**What is expected**
The word "maxt" appears in some lines of the records below; state how many lines, and nothing else.

**Materials provided**
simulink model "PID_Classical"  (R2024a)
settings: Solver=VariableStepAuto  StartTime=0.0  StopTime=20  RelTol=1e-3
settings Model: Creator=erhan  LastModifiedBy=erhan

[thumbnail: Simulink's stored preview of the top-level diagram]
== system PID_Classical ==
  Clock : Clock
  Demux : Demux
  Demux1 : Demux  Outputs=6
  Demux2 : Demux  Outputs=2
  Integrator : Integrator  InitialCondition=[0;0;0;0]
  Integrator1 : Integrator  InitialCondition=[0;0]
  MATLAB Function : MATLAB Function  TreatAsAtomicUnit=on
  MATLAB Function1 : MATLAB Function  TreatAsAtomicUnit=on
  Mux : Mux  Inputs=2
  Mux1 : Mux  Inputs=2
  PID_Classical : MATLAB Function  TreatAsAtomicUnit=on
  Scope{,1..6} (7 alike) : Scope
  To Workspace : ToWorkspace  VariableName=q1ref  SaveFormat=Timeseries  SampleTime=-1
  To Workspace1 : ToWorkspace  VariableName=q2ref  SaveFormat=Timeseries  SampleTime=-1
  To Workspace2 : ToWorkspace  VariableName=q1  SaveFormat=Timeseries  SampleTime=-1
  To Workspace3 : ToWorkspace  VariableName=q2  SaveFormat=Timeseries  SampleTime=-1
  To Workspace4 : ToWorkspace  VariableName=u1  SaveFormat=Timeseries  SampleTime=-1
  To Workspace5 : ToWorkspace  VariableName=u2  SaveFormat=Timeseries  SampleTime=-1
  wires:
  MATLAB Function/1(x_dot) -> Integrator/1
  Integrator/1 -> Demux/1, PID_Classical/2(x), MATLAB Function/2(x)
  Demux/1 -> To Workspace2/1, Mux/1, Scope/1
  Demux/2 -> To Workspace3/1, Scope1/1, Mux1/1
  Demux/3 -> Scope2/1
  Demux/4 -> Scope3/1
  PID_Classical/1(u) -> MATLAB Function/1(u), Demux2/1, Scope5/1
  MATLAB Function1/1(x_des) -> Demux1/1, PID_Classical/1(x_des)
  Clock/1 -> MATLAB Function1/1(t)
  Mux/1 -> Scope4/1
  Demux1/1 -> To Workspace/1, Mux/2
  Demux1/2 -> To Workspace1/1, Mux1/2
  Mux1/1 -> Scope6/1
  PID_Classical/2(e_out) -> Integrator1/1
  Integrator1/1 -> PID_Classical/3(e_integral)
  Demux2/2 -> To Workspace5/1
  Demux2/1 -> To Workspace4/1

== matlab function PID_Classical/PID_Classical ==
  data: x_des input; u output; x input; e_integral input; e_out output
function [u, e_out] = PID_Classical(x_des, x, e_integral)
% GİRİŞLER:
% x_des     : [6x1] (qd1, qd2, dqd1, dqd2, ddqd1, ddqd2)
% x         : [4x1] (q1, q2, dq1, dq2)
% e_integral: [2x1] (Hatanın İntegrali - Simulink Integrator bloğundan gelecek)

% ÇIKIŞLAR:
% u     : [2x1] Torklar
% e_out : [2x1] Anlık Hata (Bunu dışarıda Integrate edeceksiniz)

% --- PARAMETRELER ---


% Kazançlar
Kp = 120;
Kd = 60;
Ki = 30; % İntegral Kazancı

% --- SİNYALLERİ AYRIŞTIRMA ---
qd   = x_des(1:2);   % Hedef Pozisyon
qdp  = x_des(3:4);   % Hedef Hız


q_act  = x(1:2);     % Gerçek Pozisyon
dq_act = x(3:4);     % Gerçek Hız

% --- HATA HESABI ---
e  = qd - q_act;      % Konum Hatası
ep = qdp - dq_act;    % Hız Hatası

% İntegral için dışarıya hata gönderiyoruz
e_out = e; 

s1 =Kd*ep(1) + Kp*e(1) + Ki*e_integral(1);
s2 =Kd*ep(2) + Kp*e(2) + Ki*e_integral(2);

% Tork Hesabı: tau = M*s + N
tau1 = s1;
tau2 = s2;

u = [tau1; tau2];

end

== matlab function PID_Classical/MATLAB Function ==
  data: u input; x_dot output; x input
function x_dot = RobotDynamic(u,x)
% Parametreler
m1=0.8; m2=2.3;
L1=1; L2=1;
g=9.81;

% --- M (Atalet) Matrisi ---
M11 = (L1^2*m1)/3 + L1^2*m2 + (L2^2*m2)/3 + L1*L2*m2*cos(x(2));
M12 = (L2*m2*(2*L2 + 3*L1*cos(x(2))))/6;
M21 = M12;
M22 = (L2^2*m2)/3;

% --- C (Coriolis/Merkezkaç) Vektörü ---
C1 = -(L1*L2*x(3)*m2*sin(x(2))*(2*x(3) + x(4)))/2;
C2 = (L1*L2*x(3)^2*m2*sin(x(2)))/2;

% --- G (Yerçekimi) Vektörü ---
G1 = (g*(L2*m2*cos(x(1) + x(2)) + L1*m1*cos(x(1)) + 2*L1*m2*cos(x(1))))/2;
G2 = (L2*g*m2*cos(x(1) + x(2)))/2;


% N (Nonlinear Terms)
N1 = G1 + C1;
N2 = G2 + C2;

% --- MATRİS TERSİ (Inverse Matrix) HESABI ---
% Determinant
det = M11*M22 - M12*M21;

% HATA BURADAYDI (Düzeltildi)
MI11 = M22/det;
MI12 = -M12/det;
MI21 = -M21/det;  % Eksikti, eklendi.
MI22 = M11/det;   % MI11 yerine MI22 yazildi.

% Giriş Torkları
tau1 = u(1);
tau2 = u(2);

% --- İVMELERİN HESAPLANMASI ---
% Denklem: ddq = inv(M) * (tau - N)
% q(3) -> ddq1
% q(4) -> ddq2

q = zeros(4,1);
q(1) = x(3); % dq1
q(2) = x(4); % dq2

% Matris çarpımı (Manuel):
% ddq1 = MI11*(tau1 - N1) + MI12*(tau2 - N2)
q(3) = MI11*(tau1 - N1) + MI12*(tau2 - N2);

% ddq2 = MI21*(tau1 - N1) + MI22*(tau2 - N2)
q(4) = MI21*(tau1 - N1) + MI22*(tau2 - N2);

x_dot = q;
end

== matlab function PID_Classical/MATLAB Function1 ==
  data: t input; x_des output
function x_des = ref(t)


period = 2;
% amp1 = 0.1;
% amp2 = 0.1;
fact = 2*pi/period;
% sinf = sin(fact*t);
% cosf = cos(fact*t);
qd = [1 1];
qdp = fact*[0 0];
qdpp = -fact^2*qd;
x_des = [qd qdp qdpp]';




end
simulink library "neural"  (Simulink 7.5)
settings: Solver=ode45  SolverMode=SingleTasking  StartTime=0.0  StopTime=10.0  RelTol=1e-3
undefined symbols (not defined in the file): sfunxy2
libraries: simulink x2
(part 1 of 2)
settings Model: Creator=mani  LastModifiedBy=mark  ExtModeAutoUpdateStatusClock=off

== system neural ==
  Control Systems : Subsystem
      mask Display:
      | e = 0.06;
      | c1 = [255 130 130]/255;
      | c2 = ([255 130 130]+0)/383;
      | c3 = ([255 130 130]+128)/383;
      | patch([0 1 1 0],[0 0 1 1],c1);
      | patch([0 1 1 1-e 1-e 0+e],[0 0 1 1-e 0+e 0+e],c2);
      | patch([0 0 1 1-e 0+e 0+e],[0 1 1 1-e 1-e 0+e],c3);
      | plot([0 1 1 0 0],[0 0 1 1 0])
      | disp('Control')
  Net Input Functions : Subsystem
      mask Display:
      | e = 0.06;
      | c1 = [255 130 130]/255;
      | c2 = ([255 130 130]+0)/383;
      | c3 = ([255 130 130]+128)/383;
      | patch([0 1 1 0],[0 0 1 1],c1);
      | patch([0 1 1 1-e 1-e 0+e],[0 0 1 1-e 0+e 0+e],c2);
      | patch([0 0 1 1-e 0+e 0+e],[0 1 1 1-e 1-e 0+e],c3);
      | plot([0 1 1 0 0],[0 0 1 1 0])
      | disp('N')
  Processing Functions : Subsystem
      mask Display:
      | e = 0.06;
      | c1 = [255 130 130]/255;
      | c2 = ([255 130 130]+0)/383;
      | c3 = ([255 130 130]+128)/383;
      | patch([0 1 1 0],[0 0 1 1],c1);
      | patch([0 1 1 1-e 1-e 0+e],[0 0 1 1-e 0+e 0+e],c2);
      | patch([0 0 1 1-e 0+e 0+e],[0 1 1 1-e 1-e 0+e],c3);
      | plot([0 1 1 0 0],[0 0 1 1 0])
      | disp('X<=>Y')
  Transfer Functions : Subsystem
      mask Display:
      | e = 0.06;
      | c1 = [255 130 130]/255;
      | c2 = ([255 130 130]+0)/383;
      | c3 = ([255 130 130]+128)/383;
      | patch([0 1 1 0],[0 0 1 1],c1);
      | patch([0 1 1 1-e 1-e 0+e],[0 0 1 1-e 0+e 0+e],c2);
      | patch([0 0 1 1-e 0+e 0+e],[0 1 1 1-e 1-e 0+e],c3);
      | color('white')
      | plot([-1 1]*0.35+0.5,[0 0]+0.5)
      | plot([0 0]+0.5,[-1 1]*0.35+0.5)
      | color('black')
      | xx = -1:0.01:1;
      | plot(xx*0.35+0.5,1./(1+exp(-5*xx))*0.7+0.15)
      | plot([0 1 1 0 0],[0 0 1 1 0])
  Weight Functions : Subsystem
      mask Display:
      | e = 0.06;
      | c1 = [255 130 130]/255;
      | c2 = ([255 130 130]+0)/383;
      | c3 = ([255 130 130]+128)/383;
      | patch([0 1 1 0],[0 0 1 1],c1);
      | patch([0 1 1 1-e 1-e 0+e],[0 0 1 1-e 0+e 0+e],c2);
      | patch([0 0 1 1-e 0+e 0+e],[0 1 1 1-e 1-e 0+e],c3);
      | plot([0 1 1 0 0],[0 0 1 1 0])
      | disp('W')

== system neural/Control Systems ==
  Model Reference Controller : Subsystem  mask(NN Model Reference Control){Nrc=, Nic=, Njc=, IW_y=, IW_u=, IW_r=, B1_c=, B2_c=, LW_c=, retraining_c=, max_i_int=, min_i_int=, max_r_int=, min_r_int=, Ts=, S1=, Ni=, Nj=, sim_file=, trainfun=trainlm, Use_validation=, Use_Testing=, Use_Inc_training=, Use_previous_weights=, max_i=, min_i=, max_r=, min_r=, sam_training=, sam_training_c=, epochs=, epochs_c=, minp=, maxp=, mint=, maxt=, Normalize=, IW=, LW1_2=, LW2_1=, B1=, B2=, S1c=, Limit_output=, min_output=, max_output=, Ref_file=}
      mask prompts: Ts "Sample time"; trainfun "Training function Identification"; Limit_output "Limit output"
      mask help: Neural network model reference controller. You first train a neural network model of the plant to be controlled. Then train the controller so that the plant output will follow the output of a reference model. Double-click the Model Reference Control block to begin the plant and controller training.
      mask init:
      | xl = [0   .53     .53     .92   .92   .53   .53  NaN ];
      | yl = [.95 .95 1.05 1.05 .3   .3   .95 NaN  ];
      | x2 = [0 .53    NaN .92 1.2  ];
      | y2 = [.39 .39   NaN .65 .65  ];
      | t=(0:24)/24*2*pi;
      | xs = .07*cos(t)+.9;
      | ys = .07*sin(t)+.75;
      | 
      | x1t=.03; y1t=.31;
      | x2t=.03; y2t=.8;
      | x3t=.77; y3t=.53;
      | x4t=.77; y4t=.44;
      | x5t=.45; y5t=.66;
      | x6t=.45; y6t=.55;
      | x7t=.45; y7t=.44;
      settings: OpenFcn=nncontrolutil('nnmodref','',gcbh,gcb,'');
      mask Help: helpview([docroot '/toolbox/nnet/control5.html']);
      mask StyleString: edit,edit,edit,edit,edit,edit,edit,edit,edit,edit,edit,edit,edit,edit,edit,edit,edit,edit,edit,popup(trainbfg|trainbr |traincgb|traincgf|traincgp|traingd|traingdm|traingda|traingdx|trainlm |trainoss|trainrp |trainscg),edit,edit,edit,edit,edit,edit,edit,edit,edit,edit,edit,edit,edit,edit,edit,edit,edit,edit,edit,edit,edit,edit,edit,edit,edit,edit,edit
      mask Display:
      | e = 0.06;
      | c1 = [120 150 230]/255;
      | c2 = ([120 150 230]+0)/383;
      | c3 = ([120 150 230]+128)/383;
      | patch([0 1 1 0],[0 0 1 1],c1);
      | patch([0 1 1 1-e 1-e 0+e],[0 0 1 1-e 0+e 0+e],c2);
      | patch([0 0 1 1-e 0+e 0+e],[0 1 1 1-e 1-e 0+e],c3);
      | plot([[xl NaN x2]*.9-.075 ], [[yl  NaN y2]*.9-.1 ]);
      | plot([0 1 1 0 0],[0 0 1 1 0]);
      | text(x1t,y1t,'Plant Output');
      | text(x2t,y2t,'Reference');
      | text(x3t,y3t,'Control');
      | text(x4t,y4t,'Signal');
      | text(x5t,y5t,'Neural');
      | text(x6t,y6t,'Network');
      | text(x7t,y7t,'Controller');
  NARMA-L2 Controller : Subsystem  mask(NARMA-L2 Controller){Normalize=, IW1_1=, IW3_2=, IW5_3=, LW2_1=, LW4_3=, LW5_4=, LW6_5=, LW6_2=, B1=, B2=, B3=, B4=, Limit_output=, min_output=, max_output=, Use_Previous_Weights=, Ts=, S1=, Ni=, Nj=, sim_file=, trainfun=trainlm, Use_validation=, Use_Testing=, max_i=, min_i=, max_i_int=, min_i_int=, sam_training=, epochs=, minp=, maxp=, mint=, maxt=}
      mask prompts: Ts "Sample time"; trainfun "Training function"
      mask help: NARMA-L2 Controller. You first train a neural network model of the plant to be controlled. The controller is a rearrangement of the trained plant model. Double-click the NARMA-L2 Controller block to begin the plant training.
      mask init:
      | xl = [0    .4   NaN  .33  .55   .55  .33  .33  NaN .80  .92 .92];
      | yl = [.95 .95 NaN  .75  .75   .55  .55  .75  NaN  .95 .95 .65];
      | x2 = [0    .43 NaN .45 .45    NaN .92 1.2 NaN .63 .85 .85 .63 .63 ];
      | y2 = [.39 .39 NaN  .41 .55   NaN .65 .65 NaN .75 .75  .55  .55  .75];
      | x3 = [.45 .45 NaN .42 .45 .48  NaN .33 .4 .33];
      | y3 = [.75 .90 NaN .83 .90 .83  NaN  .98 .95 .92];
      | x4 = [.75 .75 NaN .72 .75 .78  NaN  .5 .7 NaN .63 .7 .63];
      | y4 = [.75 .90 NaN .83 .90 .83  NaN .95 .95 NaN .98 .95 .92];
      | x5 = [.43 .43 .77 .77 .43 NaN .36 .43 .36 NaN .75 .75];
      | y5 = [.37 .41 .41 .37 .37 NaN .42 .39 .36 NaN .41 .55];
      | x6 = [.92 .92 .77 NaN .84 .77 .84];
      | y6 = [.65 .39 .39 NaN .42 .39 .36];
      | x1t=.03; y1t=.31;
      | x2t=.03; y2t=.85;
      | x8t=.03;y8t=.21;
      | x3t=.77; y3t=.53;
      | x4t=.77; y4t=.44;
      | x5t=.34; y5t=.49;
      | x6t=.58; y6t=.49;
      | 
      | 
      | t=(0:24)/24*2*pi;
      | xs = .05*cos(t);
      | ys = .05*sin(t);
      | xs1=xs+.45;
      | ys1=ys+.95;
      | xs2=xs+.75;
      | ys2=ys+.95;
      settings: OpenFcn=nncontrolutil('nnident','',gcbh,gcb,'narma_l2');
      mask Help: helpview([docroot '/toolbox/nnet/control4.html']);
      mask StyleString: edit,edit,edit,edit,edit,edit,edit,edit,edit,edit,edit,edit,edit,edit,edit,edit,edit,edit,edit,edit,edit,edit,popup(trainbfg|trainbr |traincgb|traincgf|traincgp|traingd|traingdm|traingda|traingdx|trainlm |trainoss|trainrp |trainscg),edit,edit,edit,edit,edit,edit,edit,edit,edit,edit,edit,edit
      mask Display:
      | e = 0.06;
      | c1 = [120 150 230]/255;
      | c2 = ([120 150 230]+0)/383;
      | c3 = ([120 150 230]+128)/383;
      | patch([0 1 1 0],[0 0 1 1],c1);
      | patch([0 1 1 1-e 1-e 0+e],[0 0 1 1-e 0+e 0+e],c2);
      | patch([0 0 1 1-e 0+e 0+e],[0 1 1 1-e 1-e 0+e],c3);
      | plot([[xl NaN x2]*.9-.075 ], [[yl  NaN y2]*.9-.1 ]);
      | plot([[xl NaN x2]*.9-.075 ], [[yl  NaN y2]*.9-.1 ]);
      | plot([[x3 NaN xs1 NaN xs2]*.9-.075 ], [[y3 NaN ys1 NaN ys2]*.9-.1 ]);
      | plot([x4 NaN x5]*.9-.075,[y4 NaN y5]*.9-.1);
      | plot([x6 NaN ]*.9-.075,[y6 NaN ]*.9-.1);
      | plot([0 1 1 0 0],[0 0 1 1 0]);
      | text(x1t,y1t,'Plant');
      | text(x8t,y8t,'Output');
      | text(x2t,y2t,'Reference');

**The completed task**
2